Brief:
Find the lines below holding the word "ezdxf" and copy each of them.

(Dataset items)
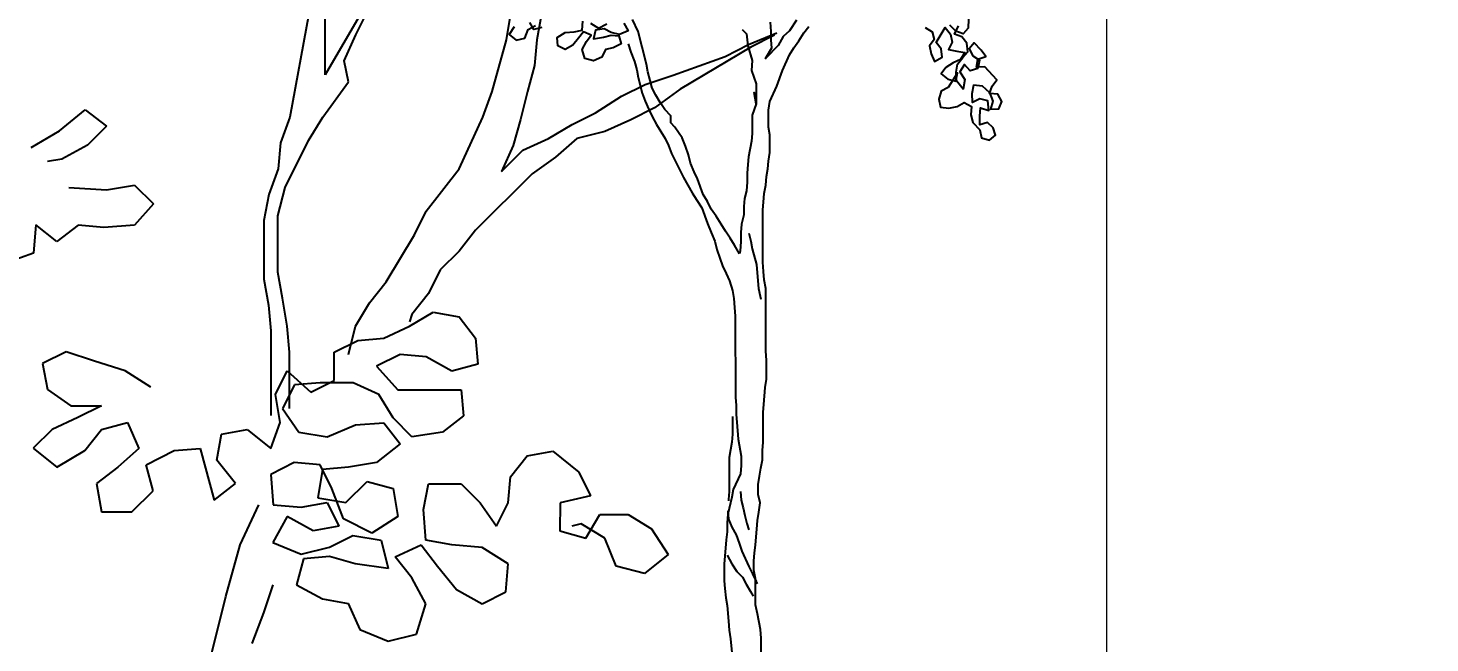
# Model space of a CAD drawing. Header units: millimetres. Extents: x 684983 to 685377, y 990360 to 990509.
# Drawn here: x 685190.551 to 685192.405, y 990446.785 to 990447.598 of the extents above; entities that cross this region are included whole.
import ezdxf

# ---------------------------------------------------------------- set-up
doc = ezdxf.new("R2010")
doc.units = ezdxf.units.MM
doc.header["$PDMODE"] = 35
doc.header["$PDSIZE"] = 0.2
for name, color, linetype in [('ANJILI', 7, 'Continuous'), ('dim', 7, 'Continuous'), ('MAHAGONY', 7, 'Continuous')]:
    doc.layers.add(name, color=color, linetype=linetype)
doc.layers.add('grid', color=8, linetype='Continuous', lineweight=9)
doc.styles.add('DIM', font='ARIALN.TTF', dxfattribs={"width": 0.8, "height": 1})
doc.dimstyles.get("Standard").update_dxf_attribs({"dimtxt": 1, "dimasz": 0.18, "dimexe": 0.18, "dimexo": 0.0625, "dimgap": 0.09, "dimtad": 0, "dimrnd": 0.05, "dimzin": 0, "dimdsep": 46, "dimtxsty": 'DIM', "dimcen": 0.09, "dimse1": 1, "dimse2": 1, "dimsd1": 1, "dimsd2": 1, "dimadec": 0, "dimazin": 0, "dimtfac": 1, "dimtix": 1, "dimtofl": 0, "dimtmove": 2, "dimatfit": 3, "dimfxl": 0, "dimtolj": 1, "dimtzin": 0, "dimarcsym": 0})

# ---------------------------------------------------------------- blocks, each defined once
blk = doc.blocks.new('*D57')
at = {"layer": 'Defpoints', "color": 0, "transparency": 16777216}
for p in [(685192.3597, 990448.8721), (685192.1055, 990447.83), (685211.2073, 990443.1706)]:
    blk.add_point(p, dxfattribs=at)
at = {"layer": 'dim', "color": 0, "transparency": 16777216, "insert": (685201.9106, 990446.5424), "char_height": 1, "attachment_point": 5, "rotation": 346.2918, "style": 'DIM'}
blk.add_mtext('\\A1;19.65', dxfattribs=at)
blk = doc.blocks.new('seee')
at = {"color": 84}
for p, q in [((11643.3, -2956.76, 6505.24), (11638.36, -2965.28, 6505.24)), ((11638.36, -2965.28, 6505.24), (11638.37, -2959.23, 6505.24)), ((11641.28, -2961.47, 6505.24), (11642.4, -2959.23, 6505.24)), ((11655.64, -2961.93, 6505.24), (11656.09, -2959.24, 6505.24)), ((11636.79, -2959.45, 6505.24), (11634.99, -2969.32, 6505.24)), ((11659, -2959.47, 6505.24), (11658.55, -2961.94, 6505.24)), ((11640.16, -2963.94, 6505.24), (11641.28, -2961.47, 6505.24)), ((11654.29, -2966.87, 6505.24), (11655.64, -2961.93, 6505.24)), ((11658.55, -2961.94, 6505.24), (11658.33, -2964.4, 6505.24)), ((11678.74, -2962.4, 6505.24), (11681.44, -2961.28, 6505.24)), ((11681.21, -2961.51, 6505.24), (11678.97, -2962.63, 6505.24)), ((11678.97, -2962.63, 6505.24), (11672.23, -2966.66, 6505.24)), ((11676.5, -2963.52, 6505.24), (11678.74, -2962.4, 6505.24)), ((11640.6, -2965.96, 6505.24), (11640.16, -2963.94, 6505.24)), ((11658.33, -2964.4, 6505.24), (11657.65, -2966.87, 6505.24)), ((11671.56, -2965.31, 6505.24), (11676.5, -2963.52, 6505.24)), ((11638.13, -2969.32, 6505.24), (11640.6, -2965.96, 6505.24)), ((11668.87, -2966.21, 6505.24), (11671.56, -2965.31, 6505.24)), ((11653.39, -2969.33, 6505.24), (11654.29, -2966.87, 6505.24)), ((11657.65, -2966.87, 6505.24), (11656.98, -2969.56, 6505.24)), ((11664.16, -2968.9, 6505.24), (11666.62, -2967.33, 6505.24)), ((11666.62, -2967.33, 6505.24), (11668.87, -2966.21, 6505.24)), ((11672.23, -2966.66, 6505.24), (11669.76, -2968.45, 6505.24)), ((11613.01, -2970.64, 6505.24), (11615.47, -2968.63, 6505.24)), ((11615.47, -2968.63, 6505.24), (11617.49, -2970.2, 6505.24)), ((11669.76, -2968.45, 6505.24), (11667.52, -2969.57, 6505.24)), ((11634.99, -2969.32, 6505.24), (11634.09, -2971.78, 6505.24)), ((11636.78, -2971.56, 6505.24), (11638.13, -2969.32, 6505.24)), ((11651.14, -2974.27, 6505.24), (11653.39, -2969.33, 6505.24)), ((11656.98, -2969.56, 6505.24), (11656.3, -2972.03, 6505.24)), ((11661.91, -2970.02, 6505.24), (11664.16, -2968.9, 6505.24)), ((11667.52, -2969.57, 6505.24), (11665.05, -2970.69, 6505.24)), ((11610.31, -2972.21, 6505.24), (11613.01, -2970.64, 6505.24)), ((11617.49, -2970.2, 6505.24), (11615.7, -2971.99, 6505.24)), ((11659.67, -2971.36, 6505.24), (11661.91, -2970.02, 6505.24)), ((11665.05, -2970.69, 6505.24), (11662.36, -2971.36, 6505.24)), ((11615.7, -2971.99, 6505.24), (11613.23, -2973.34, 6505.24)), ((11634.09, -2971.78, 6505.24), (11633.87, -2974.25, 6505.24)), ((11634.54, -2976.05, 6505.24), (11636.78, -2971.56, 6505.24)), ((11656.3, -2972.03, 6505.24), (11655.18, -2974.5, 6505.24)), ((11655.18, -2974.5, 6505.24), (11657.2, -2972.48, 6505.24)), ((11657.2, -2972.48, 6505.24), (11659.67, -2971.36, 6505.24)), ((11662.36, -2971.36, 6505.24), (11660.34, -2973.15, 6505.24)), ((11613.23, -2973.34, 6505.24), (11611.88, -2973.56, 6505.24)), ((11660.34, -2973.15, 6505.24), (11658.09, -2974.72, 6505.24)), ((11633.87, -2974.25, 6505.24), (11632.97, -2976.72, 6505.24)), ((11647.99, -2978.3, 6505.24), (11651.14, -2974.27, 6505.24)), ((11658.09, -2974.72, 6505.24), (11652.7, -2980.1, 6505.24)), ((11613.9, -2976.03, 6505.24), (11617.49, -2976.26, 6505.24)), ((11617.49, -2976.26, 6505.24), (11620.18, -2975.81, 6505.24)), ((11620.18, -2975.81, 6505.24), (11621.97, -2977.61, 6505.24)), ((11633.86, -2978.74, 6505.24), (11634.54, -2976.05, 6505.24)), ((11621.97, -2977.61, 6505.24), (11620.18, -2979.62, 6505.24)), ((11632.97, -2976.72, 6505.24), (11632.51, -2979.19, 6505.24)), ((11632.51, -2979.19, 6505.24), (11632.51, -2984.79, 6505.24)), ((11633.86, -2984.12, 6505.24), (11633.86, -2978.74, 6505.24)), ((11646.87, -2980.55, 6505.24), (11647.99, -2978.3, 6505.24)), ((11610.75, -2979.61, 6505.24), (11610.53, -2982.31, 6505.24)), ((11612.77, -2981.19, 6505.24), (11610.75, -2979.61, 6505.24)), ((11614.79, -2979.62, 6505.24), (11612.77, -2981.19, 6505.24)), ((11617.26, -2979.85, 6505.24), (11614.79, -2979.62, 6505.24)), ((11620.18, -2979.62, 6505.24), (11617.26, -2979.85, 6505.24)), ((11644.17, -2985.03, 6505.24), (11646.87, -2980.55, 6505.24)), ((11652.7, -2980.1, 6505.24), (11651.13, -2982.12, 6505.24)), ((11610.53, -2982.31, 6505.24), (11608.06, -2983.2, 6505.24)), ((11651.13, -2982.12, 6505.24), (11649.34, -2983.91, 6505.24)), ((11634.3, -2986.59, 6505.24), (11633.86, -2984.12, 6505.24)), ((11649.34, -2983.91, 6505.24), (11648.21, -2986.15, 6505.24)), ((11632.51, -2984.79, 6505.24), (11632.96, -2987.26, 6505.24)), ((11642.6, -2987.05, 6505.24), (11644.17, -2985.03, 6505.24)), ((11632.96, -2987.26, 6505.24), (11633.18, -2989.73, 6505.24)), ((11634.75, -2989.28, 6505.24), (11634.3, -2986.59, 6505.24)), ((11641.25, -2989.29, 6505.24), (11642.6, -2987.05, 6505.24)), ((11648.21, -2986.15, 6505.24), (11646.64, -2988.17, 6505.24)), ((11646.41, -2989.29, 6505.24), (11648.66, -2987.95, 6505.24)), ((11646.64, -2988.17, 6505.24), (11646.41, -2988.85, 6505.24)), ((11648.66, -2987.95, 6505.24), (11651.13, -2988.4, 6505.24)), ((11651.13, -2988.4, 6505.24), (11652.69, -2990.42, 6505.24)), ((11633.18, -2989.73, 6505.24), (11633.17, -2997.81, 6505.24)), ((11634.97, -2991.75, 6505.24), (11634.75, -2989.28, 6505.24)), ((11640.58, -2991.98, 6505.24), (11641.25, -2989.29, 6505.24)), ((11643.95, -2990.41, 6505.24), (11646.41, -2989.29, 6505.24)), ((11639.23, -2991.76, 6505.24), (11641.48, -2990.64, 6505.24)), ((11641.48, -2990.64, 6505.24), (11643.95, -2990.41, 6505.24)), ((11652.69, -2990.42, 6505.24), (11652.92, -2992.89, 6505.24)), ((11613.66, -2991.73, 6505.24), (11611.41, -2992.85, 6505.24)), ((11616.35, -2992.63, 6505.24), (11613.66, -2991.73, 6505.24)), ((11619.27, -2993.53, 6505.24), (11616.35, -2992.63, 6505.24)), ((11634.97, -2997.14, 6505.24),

Solution to this exercise:
import ezdxf
doc = ezdxf.new("R2010")
doc.units = ezdxf.units.MM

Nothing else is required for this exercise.